------ Provided entries ------
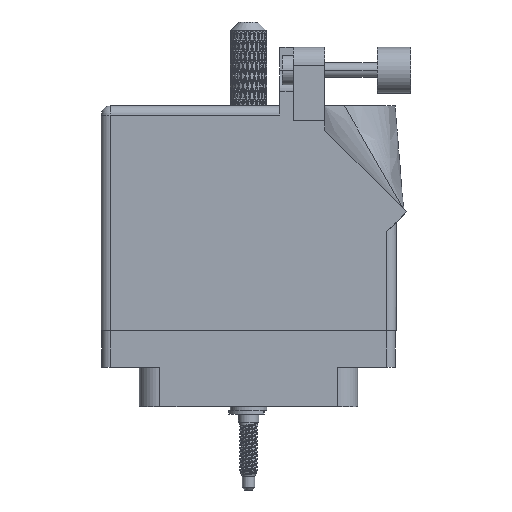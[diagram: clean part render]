
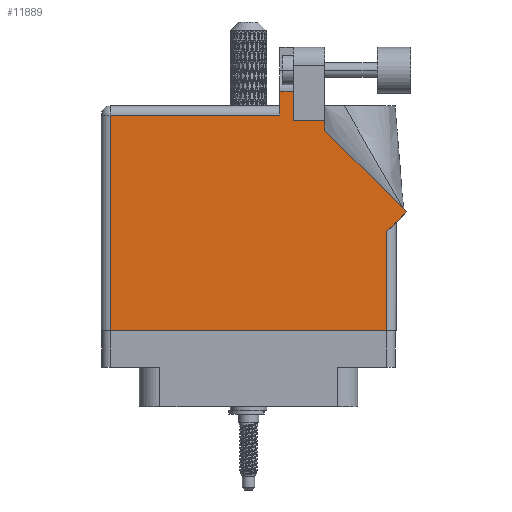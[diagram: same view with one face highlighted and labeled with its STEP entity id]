
A CAD part, front view. The second image highlights one B-rep face of the part: STEP entity #11889.
In plain terms, the highlighted face is planar.
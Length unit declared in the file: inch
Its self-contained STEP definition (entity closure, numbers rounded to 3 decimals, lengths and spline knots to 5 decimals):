
#1059 = LINE ( 'NONE', #62840, #82579 ) ;
#1591 = CARTESIAN_POINT ( 'NONE',  ( 0.212, 1.368, 0.455 ) ) ;
#1681 = VERTEX_POINT ( 'NONE', #13033 ) ;
#2224 = ORIENTED_EDGE ( 'NONE', *, *, #69294, .T. ) ;
#2656 = EDGE_CURVE ( 'NONE', #42420, #55294, #49733, .T. ) ;
#3691 = VERTEX_POINT ( 'NONE', #1591 ) ;
#6132 = VECTOR ( 'NONE', #55507, 39.37008 ) ;
#7677 = EDGE_CURVE ( 'NONE', #3691, #70012, #1059, .T. ) ;
#7793 = CARTESIAN_POINT ( 'NONE',  ( 0.306, 1.33, 0.455 ) ) ;
#8801 = EDGE_CURVE ( 'NONE', #34106, #87225, #40431, .T. ) ;
#11485 = CARTESIAN_POINT ( 'NONE',  ( 0.306, 1.5315, 0.455 ) ) ;
#11889 = ADVANCED_FACE ( 'NONE', ( #38698 ), #93022, .F. ) ;
#12953 = ORIENTED_EDGE ( 'NONE', *, *, #78003, .T. ) ;
#13033 = CARTESIAN_POINT ( 'NONE',  ( 0.519, 1.33, 0.455 ) ) ;
#13393 = EDGE_CURVE ( 'NONE', #1681, #29460, #27250, .T. ) ;
#16935 = ORIENTED_EDGE ( 'NONE', *, *, #54668, .T. ) ;
#20136 = VECTOR ( 'NONE', #44662, 39.37008 ) ;
#20883 = LINE ( 'NONE', #86893, #6132 ) ;
#21999 = VECTOR ( 'NONE', #70429, 39.37008 ) ;
#22763 = EDGE_CURVE ( 'NONE', #73230, #3691, #69551, .T. ) ;
#23004 = CARTESIAN_POINT ( 'NONE',  ( 1.07571, 0.70771, 0.455 ) ) ;
#24110 = DIRECTION ( 'NONE',  ( -1., 0., 0. ) ) ;
#24156 = DIRECTION ( 'NONE',  ( 0., 1., 0. ) ) ;
#26145 = ORIENTED_EDGE ( 'NONE', *, *, #7677, .T. ) ;
#26303 = ORIENTED_EDGE ( 'NONE', *, *, #13393, .T. ) ;
#27250 = LINE ( 'NONE', #71482, #74235 ) ;
#27730 = EDGE_CURVE ( 'NONE', #44936, #73230, #96074, .T. ) ;
#29153 = CARTESIAN_POINT ( 'NONE',  ( -1.005, 1.43, 0.455 ) ) ;
#29460 = VERTEX_POINT ( 'NONE', #7793 ) ;
#31598 = ORIENTED_EDGE ( 'NONE', *, *, #63621, .T. ) ;
#34106 = VERTEX_POINT ( 'NONE', #77343 ) ;
#35894 = ORIENTED_EDGE ( 'NONE', *, *, #2656, .T. ) ;
#37873 = CARTESIAN_POINT ( 'NONE',  ( 0.63677, 1.5315, 0.455 ) ) ;
#38698 = FACE_OUTER_BOUND ( 'NONE', #42880, .T. ) ;
#39502 = LINE ( 'NONE', #87131, #53116 ) ;
#39898 = CARTESIAN_POINT ( 'NONE',  ( 1.07571, 0.70771, 0.455 ) ) ;
#40431 = LINE ( 'NONE', #60415, #78694 ) ;
#42420 = VERTEX_POINT ( 'NONE', #72611 ) ;
#42880 = EDGE_LOOP ( 'NONE', ( #12953, #56824, #46353, #26145, #2224, #35894, #31598, #82644, #57806, #16935, #26303 ) ) ;
#44662 = DIRECTION ( 'NONE',  ( 1., 0., 0. ) ) ;
#44936 = VERTEX_POINT ( 'NONE', #11485 ) ;
#46353 = ORIENTED_EDGE ( 'NONE', *, *, #22763, .T. ) ;
#47513 = DIRECTION ( 'NONE',  ( -0.707, 0.707, 0. ) ) ;
#49733 = LINE ( 'NONE', #76457, #20136 ) ;
#51271 = CARTESIAN_POINT ( 'NONE',  ( 0.519, 1.26442, 0.455 ) ) ;
#51522 = CARTESIAN_POINT ( 'NONE',  ( 0.519, 1.26442, 0.455 ) ) ;
#53116 = VECTOR ( 'NONE', #78521, 39.37008 ) ;
#53229 = VECTOR ( 'NONE', #24156, 39.37008 ) ;
#54668 = EDGE_CURVE ( 'NONE', #71745, #1681, #79677, .T. ) ;
#55294 = VERTEX_POINT ( 'NONE', #90450 ) ;
#55507 = DIRECTION ( 'NONE',  ( 0., -1., 0. ) ) ;
#55622 = CARTESIAN_POINT ( 'NONE',  ( 0.306, 1.33, 0.455 ) ) ;
#56824 = ORIENTED_EDGE ( 'NONE', *, *, #27730, .T. ) ;
#57806 = ORIENTED_EDGE ( 'NONE', *, *, #77233, .T. ) ;
#60415 = CARTESIAN_POINT ( 'NONE',  ( 1.005, 0.637, 0.455 ) ) ;
#62840 = CARTESIAN_POINT ( 'NONE',  ( -1.005, 1.368, 0.455 ) ) ;
#63365 = AXIS2_PLACEMENT_3D ( 'NONE', #29153, #69303, #84431 ) ;
#63621 = EDGE_CURVE ( 'NONE', #55294, #34106, #39502, .T. ) ;
#65682 = LINE ( 'NONE', #23004, #80481 ) ;
#68778 = CARTESIAN_POINT ( 'NONE',  ( -0.943, 1.368, 0.455 ) ) ;
#69294 = EDGE_CURVE ( 'NONE', #70012, #42420, #20883, .T. ) ;
#69303 = DIRECTION ( 'NONE',  ( 0., 0., -1. ) ) ;
#69551 = LINE ( 'NONE', #83240, #78105 ) ;
#70012 = VERTEX_POINT ( 'NONE', #68778 ) ;
#70429 = DIRECTION ( 'NONE',  ( -1., 0., 0. ) ) ;
#71482 = CARTESIAN_POINT ( 'NONE',  ( 0.519, 1.33, 0.455 ) ) ;
#71745 = VERTEX_POINT ( 'NONE', #51522 ) ;
#72611 = CARTESIAN_POINT ( 'NONE',  ( -0.943, -0.1, 0.455 ) ) ;
#73230 = VERTEX_POINT ( 'NONE', #96669 ) ;
#74092 = DIRECTION ( 'NONE',  ( 0., 1., 0. ) ) ;
#74235 = VECTOR ( 'NONE', #24110, 39.37008 ) ;
#76457 = CARTESIAN_POINT ( 'NONE',  ( -1.005, -0.1, 0.455 ) ) ;
#77233 = EDGE_CURVE ( 'NONE', #87225, #71745, #65682, .T. ) ;
#77343 = CARTESIAN_POINT ( 'NONE',  ( 0.943, 0.575, 0.455 ) ) ;
#78003 = EDGE_CURVE ( 'NONE', #29460, #44936, #101335, .T. ) ;
#78105 = VECTOR ( 'NONE', #83922, 39.37008 ) ;
#78521 = DIRECTION ( 'NONE',  ( 0., 1., 0. ) ) ;
#78694 = VECTOR ( 'NONE', #83520, 39.37008 ) ;
#79677 = LINE ( 'NONE', #51271, #93220 ) ;
#79692 = DIRECTION ( 'NONE',  ( -1., 0., 0. ) ) ;
#80481 = VECTOR ( 'NONE', #47513, 39.37008 ) ;
#82579 = VECTOR ( 'NONE', #79692, 39.37008 ) ;
#82644 = ORIENTED_EDGE ( 'NONE', *, *, #8801, .T. ) ;
#83240 = CARTESIAN_POINT ( 'NONE',  ( 0.212, 1.43, 0.455 ) ) ;
#83520 = DIRECTION ( 'NONE',  ( 0.707, 0.707, 0. ) ) ;
#83922 = DIRECTION ( 'NONE',  ( 0., -1., 0. ) ) ;
#84431 = DIRECTION ( 'NONE',  ( -1., 0., 0. ) ) ;
#86893 = CARTESIAN_POINT ( 'NONE',  ( -0.943, -0.1, 0.455 ) ) ;
#87131 = CARTESIAN_POINT ( 'NONE',  ( 0.943, 0.637, 0.455 ) ) ;
#87225 = VERTEX_POINT ( 'NONE', #39898 ) ;
#90450 = CARTESIAN_POINT ( 'NONE',  ( 0.943, -0.1, 0.455 ) ) ;
#93022 = PLANE ( 'NONE',  #63365 ) ;
#93220 = VECTOR ( 'NONE', #74092, 39.37008 ) ;
#96074 = LINE ( 'NONE', #37873, #21999 ) ;
#96669 = CARTESIAN_POINT ( 'NONE',  ( 0.212, 1.5315, 0.455 ) ) ;
#101335 = LINE ( 'NONE', #55622, #53229 ) ;
------
[Goal of the exercise]
Copy exactly the lines from the first line of the records above through the line with "#39502 = LINE ( 'NONE', #87131, #53116 ) ;", both included, and nothing else. Pictures stay out.

[Exercise solution]
[diagram: clean part render]
[diagram: same view with one face highlighted and labeled with its STEP entity id]
A CAD part, front view. The second image highlights one B-rep face of the part: STEP entity #11889.
In plain terms, the highlighted face is planar.
Length unit declared in the file: inch
Its self-contained STEP definition (entity closure, numbers rounded to 3 decimals, lengths and spline knots to 5 decimals):
#1059 = LINE ( 'NONE', #62840, #82579 ) ;
#1591 = CARTESIAN_POINT ( 'NONE',  ( 0.212, 1.368, 0.455 ) ) ;
#1681 = VERTEX_POINT ( 'NONE', #13033 ) ;
#2224 = ORIENTED_EDGE ( 'NONE', *, *, #69294, .T. ) ;
#2656 = EDGE_CURVE ( 'NONE', #42420, #55294, #49733, .T. ) ;
#3691 = VERTEX_POINT ( 'NONE', #1591 ) ;
#6132 = VECTOR ( 'NONE', #55507, 39.37008 ) ;
#7677 = EDGE_CURVE ( 'NONE', #3691, #70012, #1059, .T. ) ;
#7793 = CARTESIAN_POINT ( 'NONE',  ( 0.306, 1.33, 0.455 ) ) ;
#8801 = EDGE_CURVE ( 'NONE', #34106, #87225, #40431, .T. ) ;
#11485 = CARTESIAN_POINT ( 'NONE',  ( 0.306, 1.5315, 0.455 ) ) ;
#11889 = ADVANCED_FACE ( 'NONE', ( #38698 ), #93022, .F. ) ;
#12953 = ORIENTED_EDGE ( 'NONE', *, *, #78003, .T. ) ;
#13033 = CARTESIAN_POINT ( 'NONE',  ( 0.519, 1.33, 0.455 ) ) ;
#13393 = EDGE_CURVE ( 'NONE', #1681, #29460, #27250, .T. ) ;
#16935 = ORIENTED_EDGE ( 'NONE', *, *, #54668, .T. ) ;
#20136 = VECTOR ( 'NONE', #44662, 39.37008 ) ;
#20883 = LINE ( 'NONE', #86893, #6132 ) ;
#21999 = VECTOR ( 'NONE', #70429, 39.37008 ) ;
#22763 = EDGE_CURVE ( 'NONE', #73230, #3691, #69551, .T. ) ;
#23004 = CARTESIAN_POINT ( 'NONE',  ( 1.07571, 0.70771, 0.455 ) ) ;
#24110 = DIRECTION ( 'NONE',  ( -1., 0., 0. ) ) ;
#24156 = DIRECTION ( 'NONE',  ( 0., 1., 0. ) ) ;
#26145 = ORIENTED_EDGE ( 'NONE', *, *, #7677, .T. ) ;
#26303 = ORIENTED_EDGE ( 'NONE', *, *, #13393, .T. ) ;
#27250 = LINE ( 'NONE', #71482, #74235 ) ;
#27730 = EDGE_CURVE ( 'NONE', #44936, #73230, #96074, .T. ) ;
#29153 = CARTESIAN_POINT ( 'NONE',  ( -1.005, 1.43, 0.455 ) ) ;
#29460 = VERTEX_POINT ( 'NONE', #7793 ) ;
#31598 = ORIENTED_EDGE ( 'NONE', *, *, #63621, .T. ) ;
#34106 = VERTEX_POINT ( 'NONE', #77343 ) ;
#35894 = ORIENTED_EDGE ( 'NONE', *, *, #2656, .T. ) ;
#37873 = CARTESIAN_POINT ( 'NONE',  ( 0.63677, 1.5315, 0.455 ) ) ;
#38698 = FACE_OUTER_BOUND ( 'NONE', #42880, .T. ) ;
#39502 = LINE ( 'NONE', #87131, #53116 ) ;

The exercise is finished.